***** Materials provided
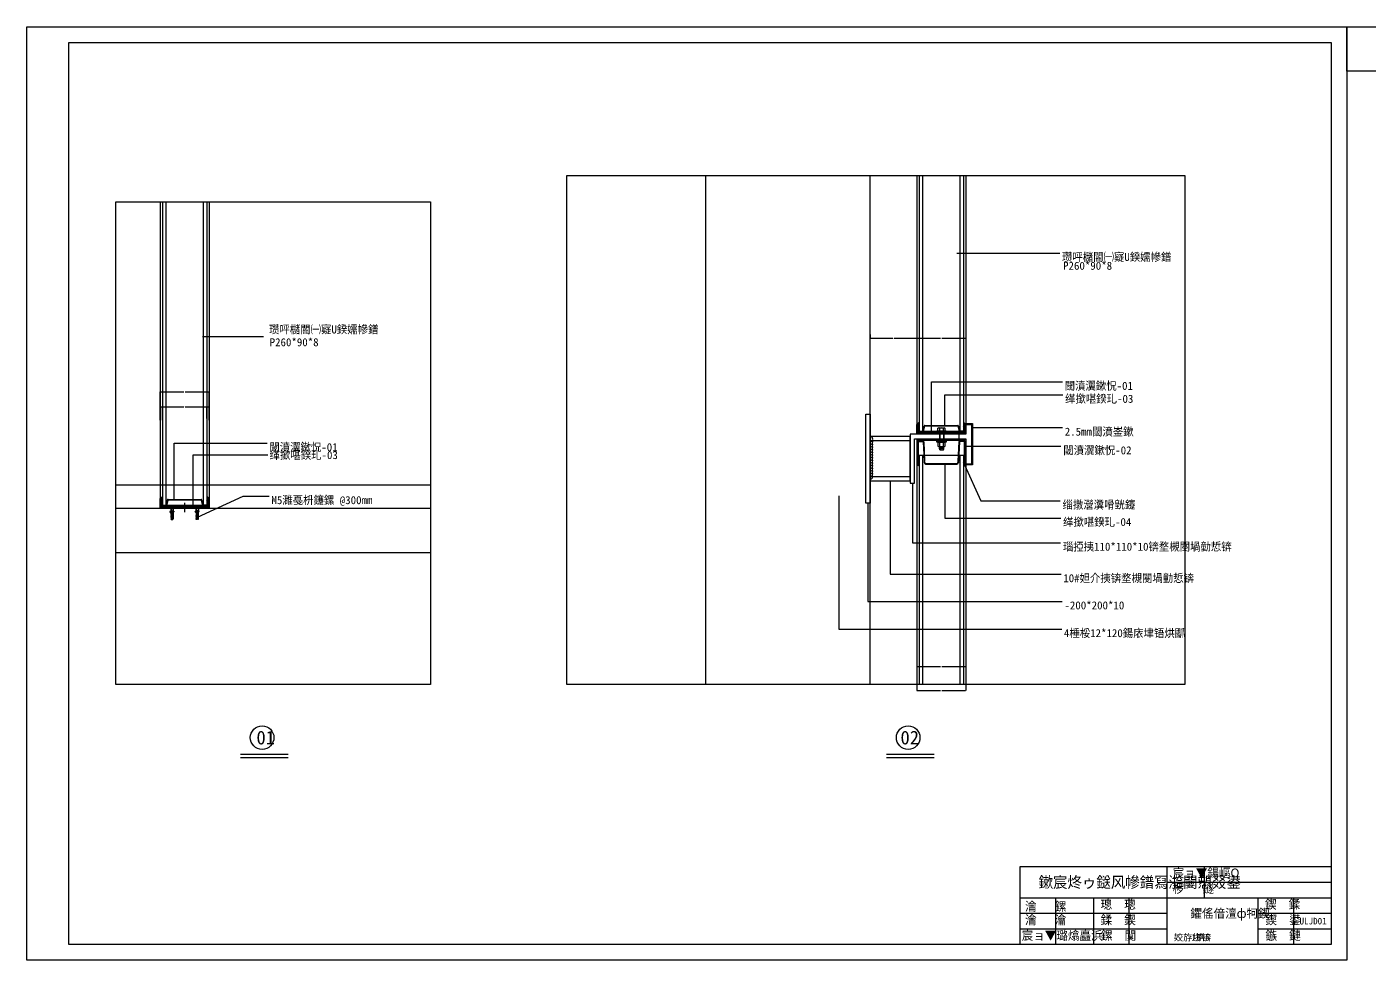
# Model space of a CAD drawing. Header units: metres. Extents: x -1248372 to 1254666, y -4709 to 22932.
# Drawn here: x 1244268 to 1247288, y 15911 to 18011 of the extents above; entities that cross this region are included whole.
import ezdxf

# ---------------------------------------------------------------- set-up
doc = ezdxf.new("R2010")
doc.units = ezdxf.units.M
for name, color, linetype in [('A-ANNO-TEXT', 7, 'Continuous'), ('A-Detl-Thin', 131, 'Continuous'), ('AM_7N', 4, 'Continuous'), ('FRAME', 1, 'Continuous'), ('R_S_H', 241, 'Continuous'), ('STEEL', 3, 'Continuous'), ('TEXT', 254, 'Continuous'), ('TK', 128, 'Continuous'), ('u鐜荤拑', 113, 'Continuous'), ('绔嬮潰-妤兼澘', 140, 'Continuous'), ('绮楀疄绾', 3, 'Continuous'), ('缁嗗疄绾', 1, 'Continuous'), ('缁嗙嚎', 9, 'Continuous'), ('鐐瑰垝绾', 4, 'Continuous'), ('鐪嬬嚎', 8, 'Continuous'), ('铏氱嚎灞', 6, 'Continuous'), ('闄勪欢', 6, 'Continuous')]:
    doc.layers.add(name, color=color, linetype=linetype)
doc.dimstyles.get("Standard").update_dxf_attribs({"dimtxt": 2.5, "dimasz": 2.5, "dimexe": 1.25, "dimexo": 0.625, "dimtad": 1, "dimcen": 2.5, "dimazin": 3, "dimtfac": 1, "dimtmove": 0, "dimatfit": 3})

# ---------------------------------------------------------------- blocks, each defined once
blk = doc.blocks.new('123ww1q1')
at = {"color": 4}
blk.add_lwpolyline([(250239.65, 173981.22), (250239.65, 174156.24), (250939.72, 174156.24)], dxfattribs=at)
at = {"layer": 'FRAME', "color": 3}
for p, q in [((250569.69, 174156.24), (250569.69, 173981.22)), ((250654.7, 174086.23), (250654.7, 174156.24)), ((250569.69, 174121.23), (250939.72, 174121.23)), ((250239.65, 174086.23), (250939.72, 174086.23)), ((250319.66, 174086.23), (250319.66, 173981.22)), ((250404.67, 174086.23), (250404.67, 173981.22)), ((250484.68, 174086.23), (250484.68, 173981.22)), ((250774.71, 174086.23), (250774.71, 173981.22)), ((250854.78, 174086.23), (250854.78, 173981.22)), ((250239.65, 174051.23), (250569.69, 174051.23)), ((250774.71, 174051.23), (250939.72, 174051.23)), ((250239.65, 174016.22), (250569.69, 174016.22)), ((250774.71, 174016.22), (250939.72, 174016.22))]:
    blk.add_line(p, q, dxfattribs=at)
at = {"layer": 'TEXT'}
for s, height, p in [('宸ョ▼鍚嶇О', 20, (250583.02, 174132.11)), ('椤   鐩', 20, (250583.02, 174097.11)), ('瀹   鏍', 20, (250250.83, 174056.76)), ('璁  璁', 20, (250420.8, 174061.49)), ('鍥  鍒', 20, (250790.91, 174061.49)), ('瀹   瀹', 20, (250250.83, 174026.49)), ('鍒  鍥', 20, (250420.8, 174026.49)), ('鍥  鍙', 20, (250791.67, 174026.49)), ('宸ョ▼璐熻矗浜', 20, (250243.47, 173991.48)), ('鏍  闃', 20, (250421.66, 173991.48)), ('鏃  鏈', 20, (250791.77, 173991.48)), ('姣斿垪锛', 15, (250585.53, 173989.67)), ('1锛5', 15, (250624.94, 173989.67))]:
    blk.add_text(s, height=height, dxfattribs=at).set_placement(p)
at = {"layer": 'TK', "color": 3}
blk.add_text('鏉宸炵ゥ鎹风幓鐠冩湁闄愬叕鍙', height=25, dxfattribs=at).set_placement((250281.44, 174108.73))
blk = doc.blocks.new('hqwr')
at = {"layer": '缁嗙嚎'}
for p, q in [((-33.84, 1), (-33.84, 0.64)), ((-13.84, 0.64), (-33.84, 0.64)), ((-32.24, 2.6), (-32.24, 0.64)), ((-32.24, 2.6), (-32.24, 2.6)), ((-30.64, 2.24), (-32.24, 2.24)), ((-30.64, 2.04), (-30.64, 0.64)), ((-29.04, 2.6), (-30.08, 2.6)), ((-29.04, 2.6), (-29.04, 0.64)), ((-27.44, 2.24), (-29.04, 2.24)), ((-27.44, 2.04), (-27.44, 0.64)), ((-25.84, 2.6), (-26.88, 2.6)), ((-25.84, 2.6), (-25.84, 0.64)), ((-24.24, 2.24), (-25.84, 2.24)), ((-24.24, 2.04), (-24.24, 0.64)), ((-22.64, 2.6), (-23.68, 2.6)), ((-22.64, 2.6), (-22.64, 0.64)), ((-21.04, 2.24), (-22.64, 2.24)), ((-21.04, 2.04), (-21.04, 0.64)), ((-19.44, 2.6), (-20.48, 2.6)), ((-19.44, 2.6), (-19.44, 0.64)), ((-18.86, 2.24), (-19.44, 2.24)), ((-18.87, 2.61), (-15.41, 4.61)), ((-18.76, 2.69), (-18.86, 2.6)), ((-18.86, 2.6), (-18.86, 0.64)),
**********
Your answer must be the line holding "blk.add_text(s, height=height, dxfattribs=at).set_placement(p)" and every later line of the entries above, written out exactly, and nothing else.

◆ Finished task ◆
    blk.add_text(s, height=height, dxfattribs=at).set_placement(p)
at = {"layer": 'TK', "color": 3}
blk.add_text('鏉宸炵ゥ鎹风幓鐠冩湁闄愬叕鍙', height=25, dxfattribs=at).set_placement((250281.44, 174108.73))
blk = doc.blocks.new('hqwr')
at = {"layer": '缁嗙嚎'}
for p, q in [((-33.84, 1), (-33.84, 0.64)), ((-13.84, 0.64), (-33.84, 0.64)), ((-32.24, 2.6), (-32.24, 0.64)), ((-32.24, 2.6), (-32.24, 2.6)), ((-30.64, 2.24), (-32.24, 2.24)), ((-30.64, 2.04), (-30.64, 0.64)), ((-29.04, 2.6), (-30.08, 2.6)), ((-29.04, 2.6), (-29.04, 0.64)), ((-27.44, 2.24), (-29.04, 2.24)), ((-27.44, 2.04), (-27.44, 0.64)), ((-25.84, 2.6), (-26.88, 2.6)), ((-25.84, 2.6), (-25.84, 0.64)), ((-24.24, 2.24), (-25.84, 2.24)), ((-24.24, 2.04), (-24.24, 0.64)), ((-22.64, 2.6), (-23.68, 2.6)), ((-22.64, 2.6), (-22.64, 0.64)), ((-21.04, 2.24), (-22.64, 2.24)), ((-21.04, 2.04), (-21.04, 0.64)), ((-19.44, 2.6), (-20.48, 2.6)), ((-19.44, 2.6), (-19.44, 0.64)), ((-18.86, 2.24), (-19.44, 2.24)), ((-18.87, 2.61), (-15.41, 4.61)), ((-18.76, 2.69), (-18.86, 2.6)), ((-18.86, 2.6), (-18.86, 0.64)),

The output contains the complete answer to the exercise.